**Available data:**
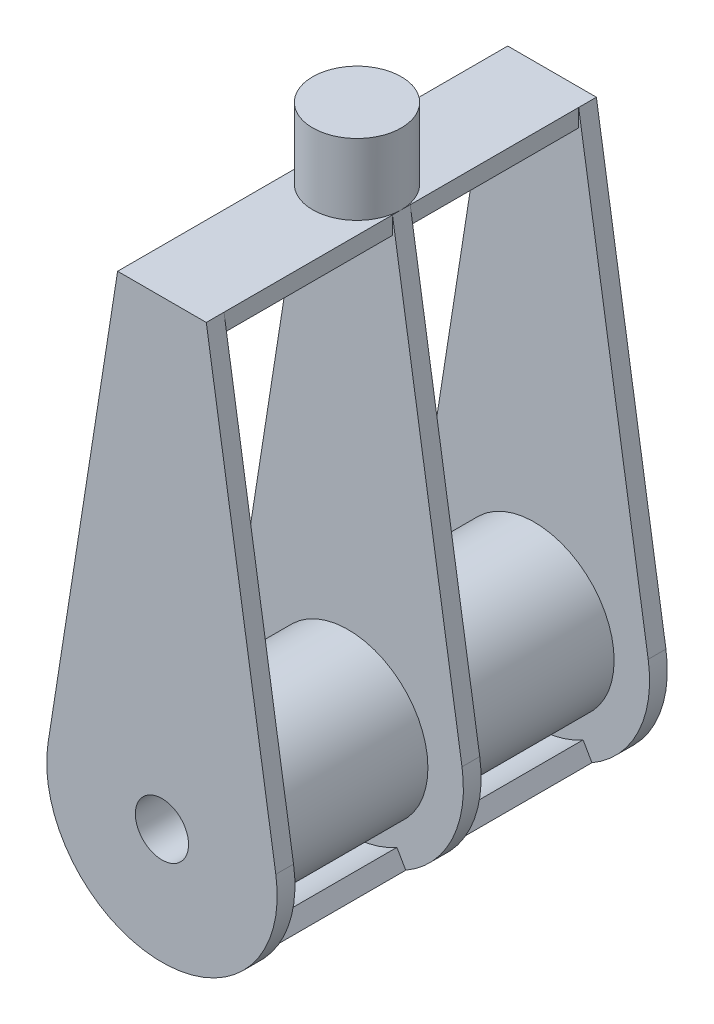
SolidWorks part; units mm, degrees
ref_plane "前视基准面" through (0, 0, 0) normal (0, 0, 1) x (1, 0, 0)
ref_plane "上视基准面" through (0, 0, 0) normal (0, 1, 0) x (1, 0, 0)
ref_plane "右视基准面" through (0, 0, 0) normal (1, 0, 0) x (0, 0, -1)
sketch "草图1" plane through (0, 0, 0) normal (0, 0, 1) x (1, 0, 0)
  line L0 (0, 0) -> (0, 26) construction
  line L1 (-2.5, 26) -> (-6.4214, 1.0076)
  line L2 (2.5, 26) -> (6.4214, 1.0076)
  line L3 (-2.5, 26) -> (2.5, 26)
  arc A1 (-6.4214, 1.0076) -> (6.4214, 1.0076) centre (0, 0) ccw
  circle A2 centre (0, 0) radius 1.5
  point P9 (0, 41.9332)
  dimension "D1" = 26
  dimension "D2" = 13
  dimension "D3" = 5
  dimension "D4" = 3
extrude "凸台-拉伸1" add sketch "草图1" along normal blind 1
sketch "草图2" plane through (0, 26, 0) normal (0, 1, 0) x (1, 0, 0)
  line L0 (2.5, -1) -> (2.5, 0) construction
  line L1 (-2.5, 0) -> (2.5, 0)
  line L2 (-2.5, 0) -> (-2.5, -22)
  line L3 (-2.5, -22) -> (2.5, -22)
  line L4 (2.5, 0) -> (2.5, -22)
  dimension "D1" = 22
extrude "凸台-拉伸2" add sketch "草图2" against normal blind 1
extrude "凸台-拉伸3" add sketch "草图1<2>" against normal blind 1 from surface starting at face at (0, 25.5, 22)
sketch "草图1<2>" plane through (0, 0, 0) normal (0, 0, 1) x (1, 0, 0) same geometry as "草图1"
ref_plane "基准面1" through (0, 0, 11) normal (0, 0, 1) x (1, 0, 0)
extrude "凸台-拉伸4" add sketch "草图1<3>" along normal mid plane 1 from surface starting at plane "基准面1"
sketch "草图1<3>" plane through (0, 0, 0) normal (0, 0, 1) x (1, 0, 0) same geometry as "草图1"
sketch "草图3" plane through (0, 26, 0) normal (0, 1, 0) x (1, 0, 0)
  line L0 (0, 0) -> (0, -22) construction
  line L1 (-2.5, -22) -> (2.5, -22) construction
  line L2 (2.5, -21) -> (2.5, -11.5) construction
  circle A0 centre (0, -11) radius 2.5
extrude "凸台-拉伸5" add sketch "草图3" along normal blind 4
sketch "草图4" plane through (0, 0, 0) normal (0, 0, -1) x (-1, 0, 0)
  line L0 (-2.75, -4.7631) -> (-3.25, -5.6292)
  line L1 (0, 0) -> (0, -10.8963) construction
  line L2 (2.75, -4.7631) -> (3.25, -5.6292)
  arc A0 (-6.4214, 1.0076) -> (6.4214, 1.0076) centre (0, 0) ccw construction
  arc A1 (-3.25, -5.6292) -> (3.25, -5.6292) centre (0, 0) ccw
  arc A2 (-2.75, -4.7631) -> (2.75, -4.7631) centre (0, 0) ccw
  arc A4 (-6.4214, 1.0076) -> (6.4214, 1.0076) centre (0, 0) ccw construction
  arc A5 (-5.4335, 0.8525) -> (5.4335, 0.8525) centre (0, 0) ccw construction
  dimension "D2" = 30
  dimension "D1" = 1
extrude "凸台-拉伸6" add sketch "草图4" against normal up to surface (22 mm away) up to face at (0, 11.6269, 22)
sketch "草图5" plane through (0, 0, 0) normal (0, 0, -1) x (-1, 0, 0)
  circle A0 centre (0, 0) radius 4.5
  circle A1 centre (0, 0) radius 1.5 construction
  circle A2 centre (0, 0) radius 1.5
  dimension "D1" = 9
extrude "凸台-拉伸7" add sketch "草图5" against normal up to surface (22 mm away) up to face at (0, 11.6269, 22)
ref_plane "基准面2" through (0, 0, 5.75) normal (0, 0, 1) x (1, 0, 0)
ref_plane "基准面3" through (0, 0, 16.25) normal (0, 0, 1) x (1, 0, 0)
sketch "草图6" plane through (0, 0, 5.75) normal (0, 0, 1) x (1, 0, 0)
  circle A0 centre (0, 0) radius 4.5 construction
  circle A1 centre (0, 0) radius 4.5
sketch "草图7" plane through (0, 0, 16.25) normal (0, 0, 1) x (1, 0, 0)
  circle A0 centre (0, 0) radius 4.5 construction
  circle A1 centre (0, 0) radius 4.5

**Exercise objective:**
What is needed is every record above, returned exactly, with the pictures omitted.

**Answer box:**
SolidWorks part; units mm, degrees
ref_plane "前视基准面" through (0, 0, 0) normal (0, 0, 1) x (1, 0, 0)
ref_plane "上视基准面" through (0, 0, 0) normal (0, 1, 0) x (1, 0, 0)
ref_plane "右视基准面" through (0, 0, 0) normal (1, 0, 0) x (0, 0, -1)
sketch "草图1" plane through (0, 0, 0) normal (0, 0, 1) x (1, 0, 0)
  line L0 (0, 0) -> (0, 26) construction
  line L1 (-2.5, 26) -> (-6.4214, 1.0076)
  line L2 (2.5, 26) -> (6.4214, 1.0076)
  line L3 (-2.5, 26) -> (2.5, 26)
  arc A1 (-6.4214, 1.0076) -> (6.4214, 1.0076) centre (0, 0) ccw
  circle A2 centre (0, 0) radius 1.5
  point P9 (0, 41.9332)
  dimension "D1" = 26
  dimension "D2" = 13
  dimension "D3" = 5
  dimension "D4" = 3
extrude "凸台-拉伸1" add sketch "草图1" along normal blind 1
sketch "草图2" plane through (0, 26, 0) normal (0, 1, 0) x (1, 0, 0)
  line L0 (2.5, -1) -> (2.5, 0) construction
  line L1 (-2.5, 0) -> (2.5, 0)
  line L2 (-2.5, 0) -> (-2.5, -22)
  line L3 (-2.5, -22) -> (2.5, -22)
  line L4 (2.5, 0) -> (2.5, -22)
  dimension "D1" = 22
extrude "凸台-拉伸2" add sketch "草图2" against normal blind 1
extrude "凸台-拉伸3" add sketch "草图1<2>" against normal blind 1 from surface starting at face at (0, 25.5, 22)
sketch "草图1<2>" plane through (0, 0, 0) normal (0, 0, 1) x (1, 0, 0) same geometry as "草图1"
ref_plane "基准面1" through (0, 0, 11) normal (0, 0, 1) x (1, 0, 0)
extrude "凸台-拉伸4" add sketch "草图1<3>" along normal mid plane 1 from surface starting at plane "基准面1"
sketch "草图1<3>" plane through (0, 0, 0) normal (0, 0, 1) x (1, 0, 0) same geometry as "草图1"
sketch "草图3" plane through (0, 26, 0) normal (0, 1, 0) x (1, 0, 0)
  line L0 (0, 0) -> (0, -22) construction
  line L1 (-2.5, -22) -> (2.5, -22) construction
  line L2 (2.5, -21) -> (2.5, -11.5) construction
  circle A0 centre (0, -11) radius 2.5
extrude "凸台-拉伸5" add sketch "草图3" along normal blind 4
sketch "草图4" plane through (0, 0, 0) normal (0, 0, -1) x (-1, 0, 0)
  line L0 (-2.75, -4.7631) -> (-3.25, -5.6292)
  line L1 (0, 0) -> (0, -10.8963) construction
  line L2 (2.75, -4.7631) -> (3.25, -5.6292)
  arc A0 (-6.4214, 1.0076) -> (6.4214, 1.0076) centre (0, 0) ccw construction
  arc A1 (-3.25, -5.6292) -> (3.25, -5.6292) centre (0, 0) ccw
  arc A2 (-2.75, -4.7631) -> (2.75, -4.7631) centre (0, 0) ccw
  arc A4 (-6.4214, 1.0076) -> (6.4214, 1.0076) centre (0, 0) ccw construction
  arc A5 (-5.4335, 0.8525) -> (5.4335, 0.8525) centre (0, 0) ccw construction
  dimension "D2" = 30
  dimension "D1" = 1
extrude "凸台-拉伸6" add sketch "草图4" against normal up to surface (22 mm away) up to face at (0, 11.6269, 22)
sketch "草图5" plane through (0, 0, 0) normal (0, 0, -1) x (-1, 0, 0)
  circle A0 centre (0, 0) radius 4.5
  circle A1 centre (0, 0) radius 1.5 construction
  circle A2 centre (0, 0) radius 1.5
  dimension "D1" = 9
extrude "凸台-拉伸7" add sketch "草图5" against normal up to surface (22 mm away) up to face at (0, 11.6269, 22)
ref_plane "基准面2" through (0, 0, 5.75) normal (0, 0, 1) x (1, 0, 0)
ref_plane "基准面3" through (0, 0, 16.25) normal (0, 0, 1) x (1, 0, 0)
sketch "草图6" plane through (0, 0, 5.75) normal (0, 0, 1) x (1, 0, 0)
  circle A0 centre (0, 0) radius 4.5 construction
  circle A1 centre (0, 0) radius 4.5
sketch "草图7" plane through (0, 0, 16.25) normal (0, 0, 1) x (1, 0, 0)
  circle A0 centre (0, 0) radius 4.5 construction
  circle A1 centre (0, 0) radius 4.5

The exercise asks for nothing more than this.